_EXERCISE DESCRIPTION:_ Nothing but a number should be given: how many lines of the records include "ezdxf"?

_DATA FOR THIS TASK:_
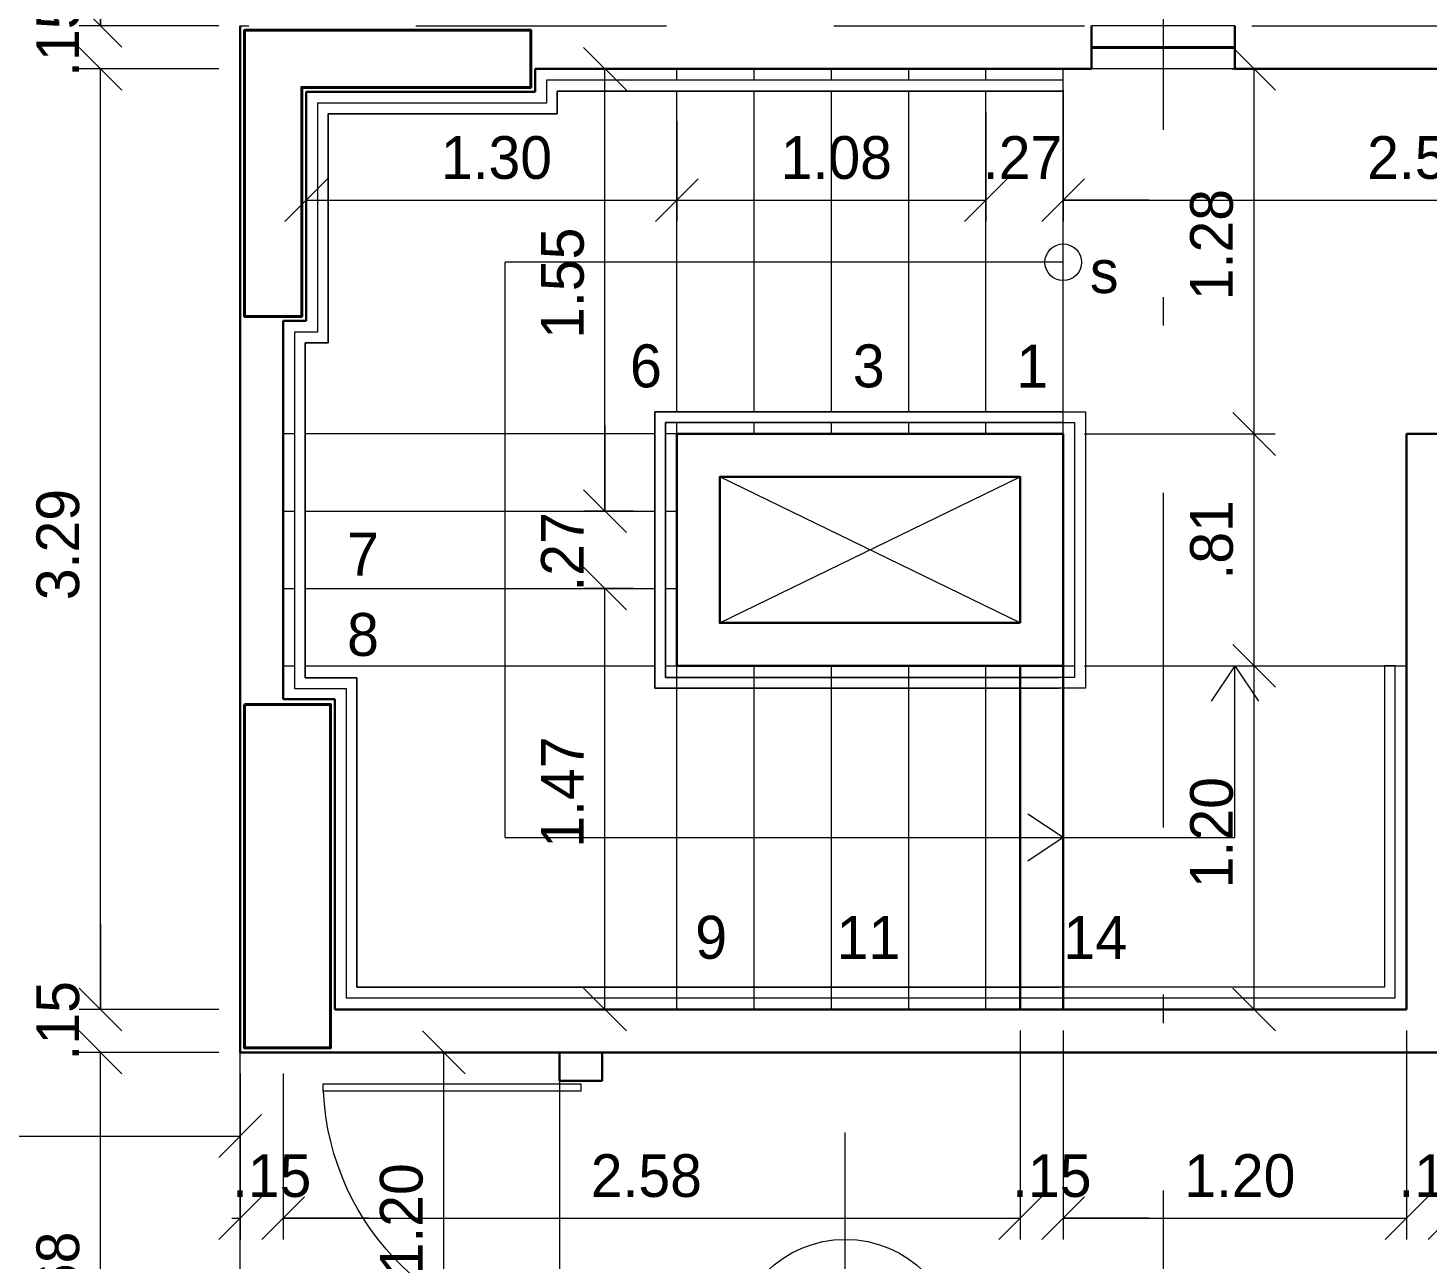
# Model space of a CAD drawing. Header units: metres. Extents: x -5.3 to 83.9, y -21.1 to 42.
# Drawn here: x 26.533 to 31.425, y 22.414 to 26.717 of the extents above; entities that cross this region are included whole.
import ezdxf
from ezdxf.enums import TextEntityAlignment as Align

# ---------------------------------------------------------------- set-up
doc = ezdxf.new("R2010")
doc.units = ezdxf.units.M
doc.header["$MEASUREMENT"] = 0
for name, pattern in [('DGN Style 2', [1.46055, 0.87633, -0.58422]), ('DGN Style 3', [2.04477, 1.46055, -0.58422]), ('DGN Style 4', [2.33834, 1.16844, -0.58422, 0.001461, -0.58422])]:
    doc.linetypes.add(name, pattern=pattern)
for name, color, linetype, lineweight in [('Level 1', 7, 'Continuous', 0), ('Level 23', 7, 'Continuous', 0), ('Level 24', 7, 'Continuous', 0), ('Level 31', 7, 'Continuous', 0), ('Level 41', 7, 'Continuous', 0), ('Level 42', 7, 'Continuous', 0), ('Level 8', 7, 'Continuous', 0)]:
    doc.layers.add(name, color=color, linetype=linetype, lineweight=lineweight)
doc.styles.add('Style-INTL_ENGINEERING', font='INTL_ENGINEERING.shx')
doc.dimstyles.get("Standard").update_dxf_attribs({"dimtxt": 0.18, "dimasz": 0.18, "dimexe": 0.18, "dimexo": 0.0625, "dimgap": 0.09, "dimtad": 0, "dimtih": 1, "dimtoh": 1, "dimdec": 4, "dimzin": 1, "dimdsep": 46, "dimtxsty": 'Standard', "dimcen": 0, "dimadec": 0, "dimazin": 0, "dimtfac": 1, "dimtdec": 4, "dimtofl": 0, "dimtmove": 0, "dimatfit": 3, "dimfxl": 0, "dimtolj": 1, "dimtzin": 1, "dimarcsym": 0})

# ---------------------------------------------------------------- blocks, each defined once
blk = doc.blocks.new('*D89')
at = {"layer": 'Defpoints'}
for p in [(30.062, 27.2024), (32.7002, 27.2024), (27.4238, 26.7246), (32.7002, 26.5746)]:
    blk.add_point(p, dxfattribs=at)
at = {"layer": 'Level 23', "color": 2, "linetype": 'Continuous', "lineweight": 0}
for p, q in [((27.3492, 27.1277), (27.4984, 27.277)), ((27.4238, 26.7989), (27.4238, 27.2766)), ((32.7749, 27.277), (32.6256, 27.1277)), ((32.7002, 26.6489), (32.7002, 27.2766)), ((27.4238, 27.2024), (32.7002, 27.2024))]:
    blk.add_line(p, q, dxfattribs=at)
at = {"layer": 'Level 23', "color": 2, "linetype": 'Continuous', "lineweight": 0, "style": 'Style-INTL_ENGINEERING'}
blk.add_text('5.28', height=0.14925, dxfattribs=at).set_placement((29.8493, 27.3512), align=Align.MIDDLE_LEFT)
blk = doc.blocks.new('_Oblique')
at = {"color": 0, "linetype": 'ByBlock', "lineweight": -2}
blk.add_line((0.5, 0.5), (-0.5, -0.5), dxfattribs=at)
blk = doc.blocks.new('*D94')
at = {"layer": 'Defpoints'}
for p in [(26.7855, 23.289), (27.2738, 23.289), (26.7855, 23.214), (27.2738, 23.139)]:
    blk.add_point(p, dxfattribs=at)
at = {"layer": 'Level 23', "color": 2, "linetype": 'Continuous', "lineweight": 0}
for p, q in [((26.7855, 23.5883), (26.7855, 23.289)), ((26.8601, 23.2144), (26.7109, 23.3637)), ((27.1996, 23.289), (26.7112, 23.289)), ((26.7109, 23.2137), (26.8601, 23.0644)), ((27.1996, 23.139), (26.7112, 23.139)), ((26.7855, 23.1106), (26.7855, 23.139))]:
    blk.add_line(p, q, dxfattribs=at)
at = {"layer": 'Level 23', "color": 2, "linetype": 'Continuous', "lineweight": 0, "style": 'Style-INTL_ENGINEERING'}
blk.add_text('.15', height=0.14925, rotation=90, dxfattribs=at).set_placement((26.6366, 23.1106), align=Align.MIDDLE_LEFT)
blk = doc.blocks.new('*D95')
at = {"layer": 'Defpoints'}
for p in [(26.7855, 26.5746), (27.2738, 26.5746), (26.7855, 24.9318), (27.2738, 23.289)]:
    blk.add_point(p, dxfattribs=at)
at = {"layer": 'Level 23', "color": 2, "linetype": 'Continuous', "lineweight": 0}
for p, q in [((26.7109, 26.6493), (26.8601, 26.5)), ((27.1996, 26.5746), (26.7112, 26.5746)), ((26.7855, 23.289), (26.7855, 26.5746)), ((26.8601, 23.2144), (26.7109, 23.3637)), ((27.1996, 23.289), (26.7112, 23.289))]:
    blk.add_line(p, q, dxfattribs=at)
at = {"layer": 'Level 23', "color": 2, "linetype": 'Continuous', "lineweight": 0, "style": 'Style-INTL_ENGINEERING'}
blk.add_text('3.29', height=0.14925, rotation=90, dxfattribs=at).set_placement((26.6366, 24.7185), align=Align.MIDDLE_LEFT)
blk = doc.blocks.new('*D96')
at = {"layer": 'Defpoints'}
for p in [(26.7855, 26.7246), (27.2738, 26.7246), (26.7855, 26.6496), (27.2738, 26.5746)]:
    blk.add_point(p, dxfattribs=at)
at = {"layer": 'Level 23', "color": 2, "linetype": 'Continuous', "lineweight": 0}
for p, q in [((26.7855, 27.0239), (26.7855, 26.7246)), ((26.8601, 26.65), (26.7109, 26.7993)), ((27.1996, 26.7246), (26.7112, 26.7246)), ((26.7109, 26.6493), (26.8601, 26.5)), ((27.1996, 26.5746), (26.7112, 26.5746)), ((26.7855, 26.5462), (26.7855, 26.5746))]:
    blk.add_line(p, q, dxfattribs=at)
at = {"layer": 'Level 23', "color": 2, "linetype": 'Continuous', "lineweight": 0, "style": 'Style-INTL_ENGINEERING'}
blk.add_text('.15', height=0.14925, rotation=90, dxfattribs=at).set_placement((26.6366, 26.5462), align=Align.MIDDLE_LEFT)
blk = doc.blocks.new('*D97')
at = {"layer": 'Defpoints'}
for p in [(26.7855, 29.8541), (27.2738, 29.8541), (26.7855, 28.2894), (27.2738, 26.7246)]:
    blk.add_point(p, dxfattribs=at)
at = {"layer": 'Level 23', "color": 2, "linetype": 'Continuous', "lineweight": 0}
for p, q in [((26.7109, 29.9287), (26.8601, 29.7795)), ((27.1996, 29.8541), (26.7112, 29.8541)), ((26.7855, 26.7246), (26.7855, 29.8541)), ((26.8601, 26.65), (26.7109, 26.7993)), ((27.1996, 26.7246), (26.7112, 26.7246))]:
    blk.add_line(p, q, dxfattribs=at)
at = {"layer": 'Level 23', "color": 2, "linetype": 'Continuous', "lineweight": 0, "style": 'Style-INTL_ENGINEERING'}
blk.add_text('3.13', height=0.14925, rotation=90, dxfattribs=at).set_placement((26.6366, 28.119), align=Align.MIDDLE_LEFT)
blk = doc.blocks.new('*D93')
at = {"layer": 'Defpoints'}
for p in [(26.7855, 23.139), (27.2738, 23.139), (26.7855, 22.299), (27.2738, 21.459)]:
    blk.add_point(p, dxfattribs=at)
at = {"layer": 'Level 23', "color": 2, "linetype": 'Continuous', "lineweight": 0}
for p, q in [((26.7109, 23.2137), (26.8601, 23.0644)), ((27.1996, 23.139), (26.7112, 23.139)), ((26.7855, 21.459), (26.7855, 23.139)), ((26.8601, 21.3844), (26.7109, 21.5337)), ((27.1996, 21.459), (26.7112, 21.459))]:
    blk.add_line(p, q, dxfattribs=at)
at = {"layer": 'Level 23', "color": 2, "linetype": 'Continuous', "lineweight": 0, "style": 'Style-INTL_ENGINEERING'}
blk.add_text('1.68', height=0.14925, rotation=90, dxfattribs=at).set_placement((26.6366, 22.1245), align=Align.MIDDLE_LEFT)
blk = doc.blocks.new('*D99')
at = {"layer": 'Defpoints'}
for p in [(29.8803, 26.4971), (28.8002, 26.4659), (29.3403, 26.1159), (29.8803, 26.1159)]:
    blk.add_point(p, dxfattribs=at)
at = {"layer": 'Level 23', "color": 2, "linetype": 'Continuous', "lineweight": 0}
for p, q in [((29.8803, 26.4229), (29.8803, 26.0417)), ((28.8002, 26.3916), (28.8002, 26.0417)), ((28.7256, 26.0413), (28.8749, 26.1906)), ((29.9549, 26.1906), (29.8056, 26.0413)), ((28.8002, 26.1159), (29.8803, 26.1159))]:
    blk.add_line(p, q, dxfattribs=at)
at = {"layer": 'Level 23', "color": 2, "linetype": 'Continuous', "lineweight": 0, "style": 'Style-INTL_ENGINEERING'}
blk.add_text('1.08', height=0.14925, dxfattribs=at).set_placement((29.1634, 26.2648), align=Align.MIDDLE_LEFT)
blk = doc.blocks.new('*D100')
at = {"layer": 'Defpoints'}
for p in [(30.1502, 26.5746), (29.8803, 26.4971), (30.0153, 26.1159), (30.1502, 26.1159)]:
    blk.add_point(p, dxfattribs=at)
at = {"layer": 'Level 23', "color": 2, "linetype": 'Continuous', "lineweight": 0}
for p, q in [((30.1502, 26.5004), (30.1502, 26.0417)), ((29.8803, 26.4229), (29.8803, 26.0417)), ((29.9549, 26.1906), (29.8056, 26.0413)), ((30.0756, 26.0413), (30.2249, 26.1906)), ((29.8695, 26.1159), (29.8803, 26.1159)), ((30.4495, 26.1159), (30.1502, 26.1159))]:
    blk.add_line(p, q, dxfattribs=at)
at = {"layer": 'Level 23', "color": 2, "linetype": 'Continuous', "lineweight": 0, "style": 'Style-INTL_ENGINEERING'}
blk.add_text('.27', height=0.14925, dxfattribs=at).set_placement((29.8695, 26.2648), align=Align.MIDDLE_LEFT)
blk = doc.blocks.new('*D101')
at = {"layer": 'Defpoints'}
for p in [(30.1502, 26.5746), (31.4252, 26.1159), (32.7002, 26.1159), (32.7002, 25.9368)]:
    blk.add_point(p, dxfattribs=at)
at = {"layer": 'Level 23', "color": 2, "linetype": 'Continuous', "lineweight": 0}
for p, q in [((30.1502, 26.5004), (30.1502, 26.0417)), ((30.0756, 26.0413), (30.2249, 26.1906)), ((32.7749, 26.1906), (32.6256, 26.0413)), ((32.7002, 26.0111), (32.7002, 26.1902)), ((30.1502, 26.1159), (32.7002, 26.1159))]:
    blk.add_line(p, q, dxfattribs=at)
at = {"layer": 'Level 23', "color": 2, "linetype": 'Continuous', "lineweight": 0, "style": 'Style-INTL_ENGINEERING'}
blk.add_text('2.55', height=0.14925, dxfattribs=at).set_placement((31.2125, 26.2648), align=Align.MIDDLE_LEFT)
blk = doc.blocks.new('*D98')
at = {"layer": 'Defpoints'}
for p in [(28.8002, 26.4659), (27.5045, 26.0944), (28.1524, 26.1159), (28.8002, 26.1159)]:
    blk.add_point(p, dxfattribs=at)
at = {"layer": 'Level 23', "color": 2, "linetype": 'Continuous', "lineweight": 0}
for p, q in [((28.8002, 26.3916), (28.8002, 26.0417)), ((27.4299, 26.0413), (27.5792, 26.1906)), ((27.5045, 26.1687), (27.5045, 26.1902)), ((28.8749, 26.1906), (28.7256, 26.0413)), ((27.5045, 26.1159), (28.8002, 26.1159))]:
    blk.add_line(p, q, dxfattribs=at)
at = {"layer": 'Level 23', "color": 2, "linetype": 'Continuous', "lineweight": 0, "style": 'Style-INTL_ENGINEERING'}
blk.add_text('1.30', height=0.14925, dxfattribs=at).set_placement((27.9755, 26.2648), align=Align.MIDDLE_LEFT)
blk = doc.blocks.new('*D103')
at = {"layer": 'Defpoints'}
for p in [(30.0003, 23.289), (27.4238, 23.139), (28.712, 22.5597), (30.0003, 22.5597)]:
    blk.add_point(p, dxfattribs=at)
at = {"layer": 'Level 23', "color": 2, "linetype": 'Continuous', "lineweight": 0}
for p, q in [((30.0003, 23.2148), (30.0003, 22.4855)), ((27.4238, 23.0648), (27.4238, 22.4855)), ((27.3492, 22.4851), (27.4984, 22.6343)), ((30.0749, 22.6343), (29.9256, 22.4851)), ((27.4238, 22.5597), (30.0003, 22.5597))]:
    blk.add_line(p, q, dxfattribs=at)
at = {"layer": 'Level 23', "color": 2, "linetype": 'Continuous', "lineweight": 0, "style": 'Style-INTL_ENGINEERING'}
blk.add_text('2.58', height=0.14925, dxfattribs=at).set_placement((28.4993, 22.7086), align=Align.MIDDLE_LEFT)
blk = doc.blocks.new('*D104')
at = {"layer": 'Defpoints'}
for p in [(30.0003, 23.289), (30.1502, 23.289), (30.0753, 22.5597), (30.1502, 22.5597)]:
    blk.add_point(p, dxfattribs=at)
at = {"layer": 'Level 23', "color": 2, "linetype": 'Continuous', "lineweight": 0}
for p, q in [((30.0003, 23.2148), (30.0003, 22.4855)), ((30.1502, 23.2148), (30.1502, 22.4855)), ((30.0749, 22.6343), (29.9256, 22.4851)), ((30.0756, 22.4851), (30.2249, 22.6343)), ((29.9718, 22.5597), (30.0003, 22.5597)), ((30.4495, 22.5597), (30.1502, 22.5597))]:
    blk.add_line(p, q, dxfattribs=at)
at = {"layer": 'Level 23', "color": 2, "linetype": 'Continuous', "lineweight": 0, "style": 'Style-INTL_ENGINEERING'}
blk.add_text('.15', height=0.14925, dxfattribs=at).set_placement((29.9718, 22.7086), align=Align.MIDDLE_LEFT)
blk = doc.blocks.new('*D105')
at = {"layer": 'Defpoints'}
for p in [(30.1502, 23.289), (31.3503, 23.289), (30.7503, 22.5597), (31.3503, 22.5597)]:
    blk.add_point(p, dxfattribs=at)
at = {"layer": 'Level 23', "color": 2, "linetype": 'Continuous', "lineweight": 0}
for p, q in [((30.1502, 23.2148), (30.1502, 22.4855)), ((31.3503, 23.2148), (31.3503, 22.4855)), ((30.0756, 22.4851), (30.2249, 22.6343)), ((31.4249, 22.6343), (31.2756, 22.4851)), ((30.1502, 22.5597), (31.3503, 22.5597))]:
    blk.add_line(p, q, dxfattribs=at)
at = {"layer": 'Level 23', "color": 2, "linetype": 'Continuous', "lineweight": 0, "style": 'Style-INTL_ENGINEERING'}
blk.add_text('1.20', height=0.14925, dxfattribs=at).set_placement((30.5734, 22.7086), align=Align.MIDDLE_LEFT)
blk = doc.blocks.new('*D106')
at = {"layer": 'Defpoints'}
for p in [(31.3503, 23.289), (31.5003, 23.289), (31.4252, 22.5597), (31.5003, 22.5597)]:
    blk.add_point(p, dxfattribs=at)
at = {"layer": 'Level 23', "color": 2, "linetype": 'Continuous', "lineweight": 0}
for p, q in [((31.3503, 23.2148), (31.3503, 22.4855)), ((31.5003, 23.2148), (31.5003, 22.4855)), ((31.4249, 22.6343), (31.2756, 22.4851)), ((31.4256, 22.4851), (31.5749, 22.6343)), ((31.3218, 22.5597), (31.3503, 22.5597)), ((31.7995, 22.5597), (31.5003, 22.5597))]:
    blk.add_line(p, q, dxfattribs=at)
at = {"layer": 'Level 23', "color": 2, "linetype": 'Continuous', "lineweight": 0, "style": 'Style-INTL_ENGINEERING'}
blk.add_text('.15', height=0.14925, dxfattribs=at).set_placement((31.3218, 22.7086), align=Align.MIDDLE_LEFT)
blk = doc.blocks.new('*D102')
at = {"layer": 'Defpoints'}
for p in [(27.2738, 23.139), (27.4238, 23.139), (27.3488, 22.5597), (27.4238, 22.5597)]:
    blk.add_point(p, dxfattribs=at)
at = {"layer": 'Level 23', "color": 2, "linetype": 'Continuous', "lineweight": 0}
for p, q in [((27.2738, 23.0648), (27.2738, 22.4855)), ((27.4238, 23.0648), (27.4238, 22.4855)), ((27.3484, 22.6343), (27.1992, 22.4851)), ((27.3492, 22.4851), (27.4984, 22.6343)), ((27.2454, 22.5597), (27.2738, 22.5597)), ((27.7231, 22.5597), (27.4238, 22.5597))]:
    blk.add_line(p, q, dxfattribs=at)
at = {"layer": 'Level 23', "color": 2, "linetype": 'Continuous', "lineweight": 0, "style": 'Style-INTL_ENGINEERING'}
blk.add_text('.15', height=0.14925, dxfattribs=at).set_placement((27.2454, 22.7086), align=Align.MIDDLE_LEFT)
blk = doc.blocks.new('*D150')
at = {"layer": 'Defpoints'}
for p in [(27.2738, 23.139), (27.9858, 23.139), (27.9858, 22.5402), (28.3895, 21.9413)]:
    blk.add_point(p, dxfattribs=at)
at = {"layer": 'Level 23', "color": 2, "linetype": 'Continuous', "lineweight": 0}
for p, q in [((27.9112, 23.2137), (28.0604, 23.0644)), ((27.3481, 23.139), (28.06, 23.139)), ((27.9858, 21.9413), (27.9858, 23.139)), ((28.0604, 21.8667), (27.9112, 22.0159)), ((28.3153, 21.9413), (27.9115, 21.9413))]:
    blk.add_line(p, q, dxfattribs=at)
at = {"layer": 'Level 23', "color": 2, "linetype": 'Continuous', "lineweight": 0, "style": 'Style-INTL_ENGINEERING'}
blk.add_text('1.20', height=0.14925, rotation=90, dxfattribs=at).set_placement((27.8369, 22.3633), align=Align.MIDDLE_LEFT)
blk = doc.blocks.new('*D164')
at = {"layer": 'Defpoints'}
for p in [(30.1502, 25.299), (30.8173, 25.299), (30.8173, 24.894), (30.1502, 24.489)]:
    blk.add_point(p, dxfattribs=at)
at = {"layer": 'Level 23', "color": 2, "linetype": 'Continuous', "lineweight": 0}
for p, q in [((30.7427, 25.3737), (30.892, 25.2244)), ((30.2245, 25.299), (30.8916, 25.299)), ((30.8173, 24.489), (30.8173, 25.299)), ((30.892, 24.4144), (30.7427, 24.5637)), ((30.2245, 24.489), (30.8916, 24.489))]:
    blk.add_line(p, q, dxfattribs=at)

_RESULT FOR THIS TASK:_ 4